= Beginning of Section =

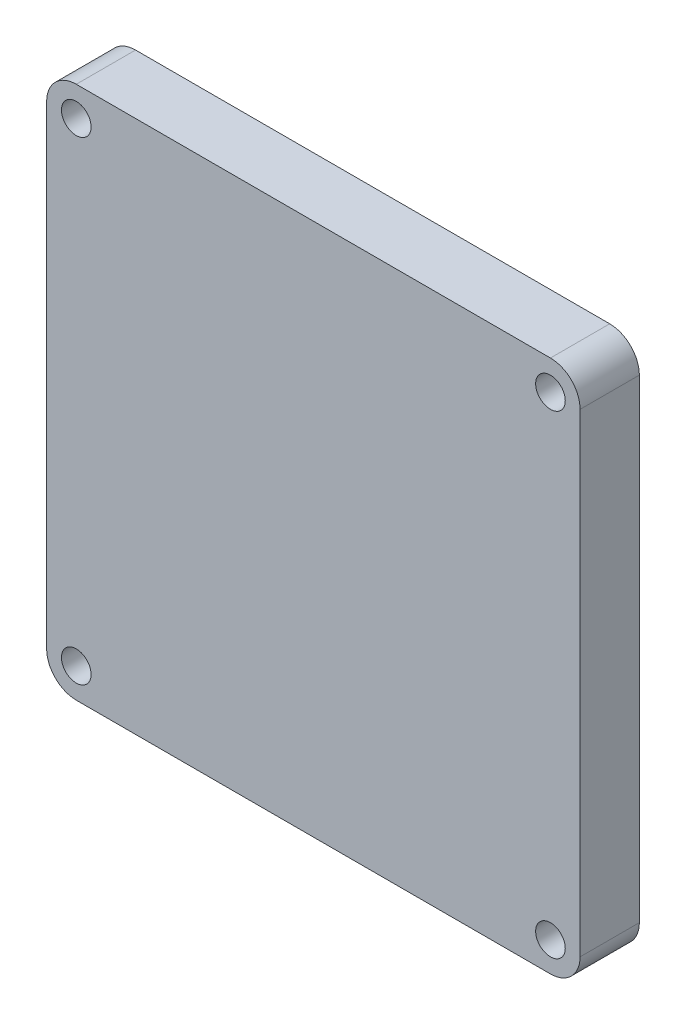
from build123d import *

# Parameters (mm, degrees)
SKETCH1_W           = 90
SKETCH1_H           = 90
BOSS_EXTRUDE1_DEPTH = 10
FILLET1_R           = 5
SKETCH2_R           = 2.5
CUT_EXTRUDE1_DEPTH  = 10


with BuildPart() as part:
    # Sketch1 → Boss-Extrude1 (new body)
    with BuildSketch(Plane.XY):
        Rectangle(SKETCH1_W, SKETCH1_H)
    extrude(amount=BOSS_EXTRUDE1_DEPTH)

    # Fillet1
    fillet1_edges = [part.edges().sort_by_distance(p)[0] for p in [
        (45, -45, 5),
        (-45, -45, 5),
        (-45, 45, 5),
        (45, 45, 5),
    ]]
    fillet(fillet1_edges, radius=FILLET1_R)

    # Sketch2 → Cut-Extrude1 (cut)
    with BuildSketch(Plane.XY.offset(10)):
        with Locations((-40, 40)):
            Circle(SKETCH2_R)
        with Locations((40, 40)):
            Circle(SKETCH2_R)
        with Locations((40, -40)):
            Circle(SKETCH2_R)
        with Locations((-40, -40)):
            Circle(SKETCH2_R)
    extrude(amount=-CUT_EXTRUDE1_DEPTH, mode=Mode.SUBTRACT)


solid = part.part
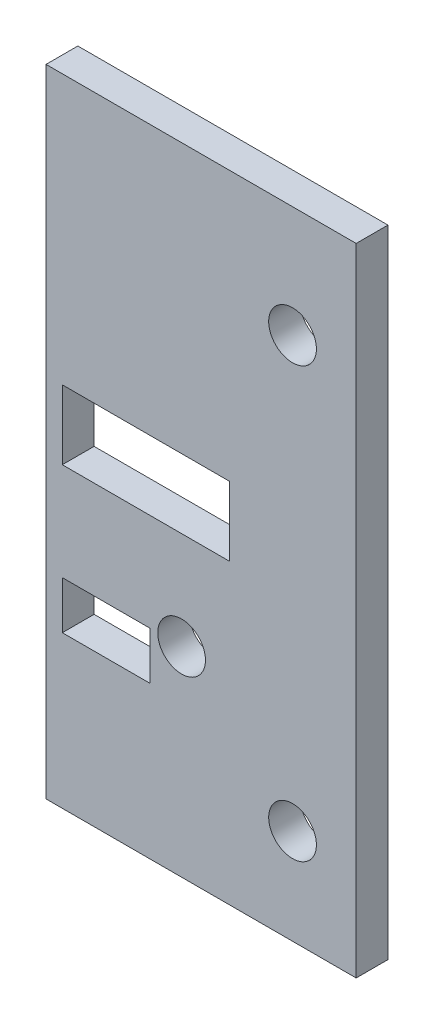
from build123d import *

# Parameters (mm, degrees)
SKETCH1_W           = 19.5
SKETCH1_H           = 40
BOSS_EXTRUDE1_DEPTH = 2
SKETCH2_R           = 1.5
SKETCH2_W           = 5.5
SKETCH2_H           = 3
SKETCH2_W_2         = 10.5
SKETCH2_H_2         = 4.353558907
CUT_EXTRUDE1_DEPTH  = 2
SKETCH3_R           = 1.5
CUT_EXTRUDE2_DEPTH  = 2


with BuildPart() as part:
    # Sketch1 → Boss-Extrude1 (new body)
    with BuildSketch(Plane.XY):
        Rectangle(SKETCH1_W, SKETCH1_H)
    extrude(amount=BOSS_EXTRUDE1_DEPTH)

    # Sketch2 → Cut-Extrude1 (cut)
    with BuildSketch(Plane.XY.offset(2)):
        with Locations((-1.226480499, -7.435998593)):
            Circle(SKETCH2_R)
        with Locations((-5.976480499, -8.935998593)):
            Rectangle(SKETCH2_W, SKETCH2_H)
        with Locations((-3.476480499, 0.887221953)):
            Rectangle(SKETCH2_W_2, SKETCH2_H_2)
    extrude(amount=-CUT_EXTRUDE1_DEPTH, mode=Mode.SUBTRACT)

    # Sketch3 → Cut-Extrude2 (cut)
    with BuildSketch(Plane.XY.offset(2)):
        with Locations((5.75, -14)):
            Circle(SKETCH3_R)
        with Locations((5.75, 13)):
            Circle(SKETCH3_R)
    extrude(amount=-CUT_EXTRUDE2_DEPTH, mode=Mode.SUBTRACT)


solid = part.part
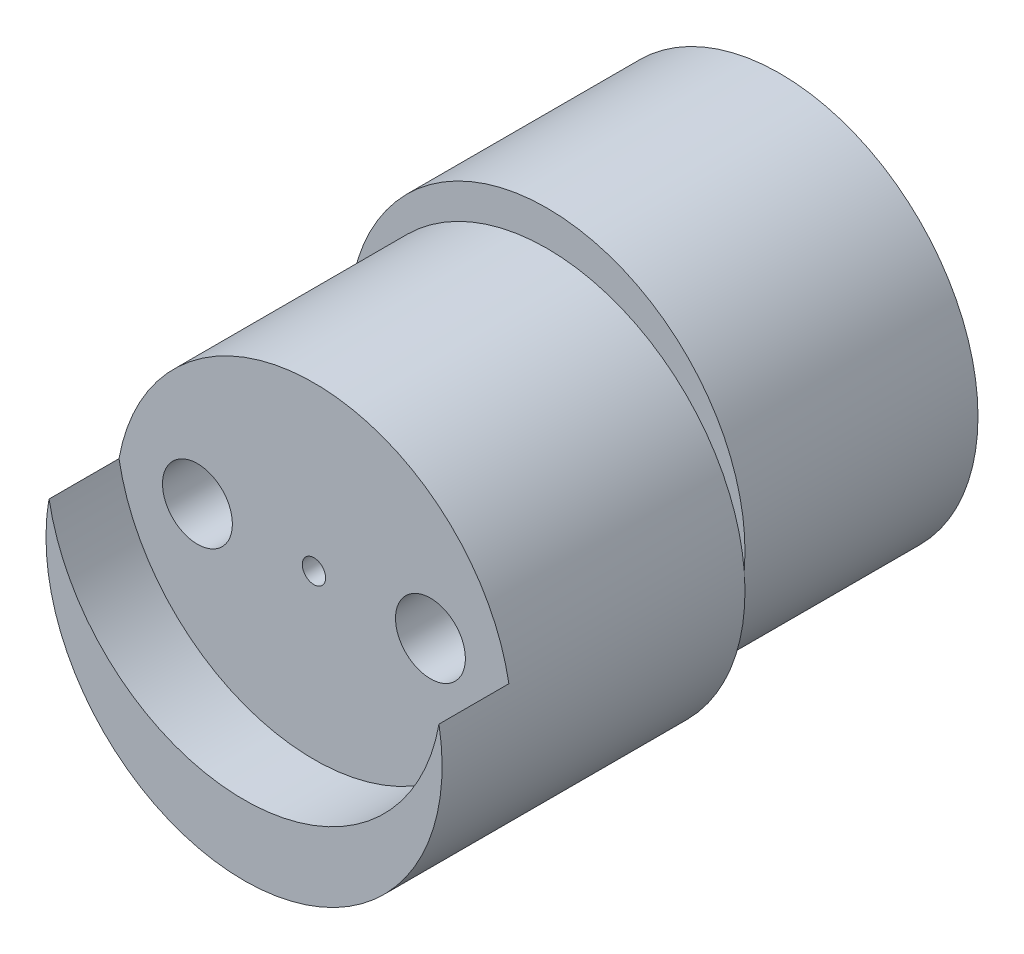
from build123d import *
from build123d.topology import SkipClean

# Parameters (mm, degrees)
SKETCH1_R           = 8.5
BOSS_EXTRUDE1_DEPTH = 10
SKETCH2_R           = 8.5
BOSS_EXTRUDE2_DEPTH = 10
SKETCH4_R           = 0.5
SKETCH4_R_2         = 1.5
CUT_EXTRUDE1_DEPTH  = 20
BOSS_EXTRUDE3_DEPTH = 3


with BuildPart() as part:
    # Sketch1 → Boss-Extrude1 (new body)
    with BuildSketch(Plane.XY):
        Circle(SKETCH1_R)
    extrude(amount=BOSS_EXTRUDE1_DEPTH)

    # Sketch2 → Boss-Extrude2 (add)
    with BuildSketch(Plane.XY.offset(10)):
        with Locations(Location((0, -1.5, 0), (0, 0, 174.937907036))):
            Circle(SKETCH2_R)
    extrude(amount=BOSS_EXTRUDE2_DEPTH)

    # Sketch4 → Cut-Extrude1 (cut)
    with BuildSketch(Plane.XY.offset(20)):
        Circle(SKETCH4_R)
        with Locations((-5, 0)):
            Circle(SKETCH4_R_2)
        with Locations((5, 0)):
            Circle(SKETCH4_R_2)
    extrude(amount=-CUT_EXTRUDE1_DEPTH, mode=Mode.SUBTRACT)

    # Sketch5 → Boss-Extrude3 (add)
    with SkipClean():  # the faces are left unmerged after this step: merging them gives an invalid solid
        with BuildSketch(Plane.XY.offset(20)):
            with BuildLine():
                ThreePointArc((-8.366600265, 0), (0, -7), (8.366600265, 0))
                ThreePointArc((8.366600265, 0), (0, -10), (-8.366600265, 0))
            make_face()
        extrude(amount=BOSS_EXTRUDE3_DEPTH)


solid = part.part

= End of Section =

• _Your assignment_:
Strip the images and return the remaining data exactly.

• _Finished exercise_:
from build123d import *

# Parameters (mm, degrees)
SKETCH1_W           = 90
SKETCH1_H           = 90
BOSS_EXTRUDE1_DEPTH = 10
FILLET1_R           = 5
SKETCH2_R           = 2.5
CUT_EXTRUDE1_DEPTH  = 10


with BuildPart() as part:
    # Sketch1 → Boss-Extrude1 (new body)
    with BuildSketch(Plane.XY):
        Rectangle(SKETCH1_W, SKETCH1_H)
    extrude(amount=BOSS_EXTRUDE1_DEPTH)

    # Fillet1
    fillet1_edges = [part.edges().sort_by_distance(p)[0] for p in [
        (45, -45, 5),
        (-45, -45, 5),
        (-45, 45, 5),
        (45, 45, 5),
    ]]
    fillet(fillet1_edges, radius=FILLET1_R)

    # Sketch2 → Cut-Extrude1 (cut)
    with BuildSketch(Plane.XY.offset(10)):
        with Locations((-40, 40)):
            Circle(SKETCH2_R)
        with Locations((40, 40)):
            Circle(SKETCH2_R)
        with Locations((40, -40)):
            Circle(SKETCH2_R)
        with Locations((-40, -40)):
            Circle(SKETCH2_R)
    extrude(amount=-CUT_EXTRUDE1_DEPTH, mode=Mode.SUBTRACT)


solid = part.part
from build123d import *

# Parameters (mm, degrees)
SKETCH1_W           = 19.5
SKETCH1_H           = 40
BOSS_EXTRUDE1_DEPTH = 2
SKETCH2_R           = 1.5
SKETCH2_W           = 5.5
SKETCH2_H           = 3
SKETCH2_W_2         = 10.5
SKETCH2_H_2         = 4.353558907
CUT_EXTRUDE1_DEPTH  = 2
SKETCH3_R           = 1.5
CUT_EXTRUDE2_DEPTH  = 2


with BuildPart() as part:
    # Sketch1 → Boss-Extrude1 (new body)
    with BuildSketch(Plane.XY):
        Rectangle(SKETCH1_W, SKETCH1_H)
    extrude(amount=BOSS_EXTRUDE1_DEPTH)

    # Sketch2 → Cut-Extrude1 (cut)
    with BuildSketch(Plane.XY.offset(2)):
        with Locations((-1.226480499, -7.435998593)):
            Circle(SKETCH2_R)
        with Locations((-5.976480499, -8.935998593)):
            Rectangle(SKETCH2_W, SKETCH2_H)
        with Locations((-3.476480499, 0.887221953)):
            Rectangle(SKETCH2_W_2, SKETCH2_H_2)
    extrude(amount=-CUT_EXTRUDE1_DEPTH, mode=Mode.SUBTRACT)

    # Sketch3 → Cut-Extrude2 (cut)
    with BuildSketch(Plane.XY.offset(2)):
        with Locations((5.75, -14)):
            Circle(SKETCH3_R)
        with Locations((5.75, 13)):
            Circle(SKETCH3_R)
    extrude(amount=-CUT_EXTRUDE2_DEPTH, mode=Mode.SUBTRACT)


solid = part.part
from build123d import *
from build123d.topology import SkipClean

# Parameters (mm, degrees)
SKETCH1_R           = 8.5
BOSS_EXTRUDE1_DEPTH = 10
SKETCH2_R           = 8.5
BOSS_EXTRUDE2_DEPTH = 10
SKETCH4_R           = 0.5
SKETCH4_R_2         = 1.5
CUT_EXTRUDE1_DEPTH  = 20
BOSS_EXTRUDE3_DEPTH = 3


with BuildPart() as part:
    # Sketch1 → Boss-Extrude1 (new body)
    with BuildSketch(Plane.XY):
        Circle(SKETCH1_R)
    extrude(amount=BOSS_EXTRUDE1_DEPTH)

    # Sketch2 → Boss-Extrude2 (add)
    with BuildSketch(Plane.XY.offset(10)):
        with Locations(Location((0, -1.5, 0), (0, 0, 174.937907036))):
            Circle(SKETCH2_R)
    extrude(amount=BOSS_EXTRUDE2_DEPTH)

    # Sketch4 → Cut-Extrude1 (cut)
    with BuildSketch(Plane.XY.offset(20)):
        Circle(SKETCH4_R)
        with Locations((-5, 0)):
            Circle(SKETCH4_R_2)
        with Locations((5, 0)):
            Circle(SKETCH4_R_2)
    extrude(amount=-CUT_EXTRUDE1_DEPTH, mode=Mode.SUBTRACT)

    # Sketch5 → Boss-Extrude3 (add)
    with SkipClean():  # the faces are left unmerged after this step: merging them gives an invalid solid
        with BuildSketch(Plane.XY.offset(20)):
            with BuildLine():
                ThreePointArc((-8.366600265, 0), (0, -7), (8.366600265, 0))
                ThreePointArc((8.366600265, 0), (0, -10), (-8.366600265, 0))
            make_face()
        extrude(amount=BOSS_EXTRUDE3_DEPTH)


solid = part.part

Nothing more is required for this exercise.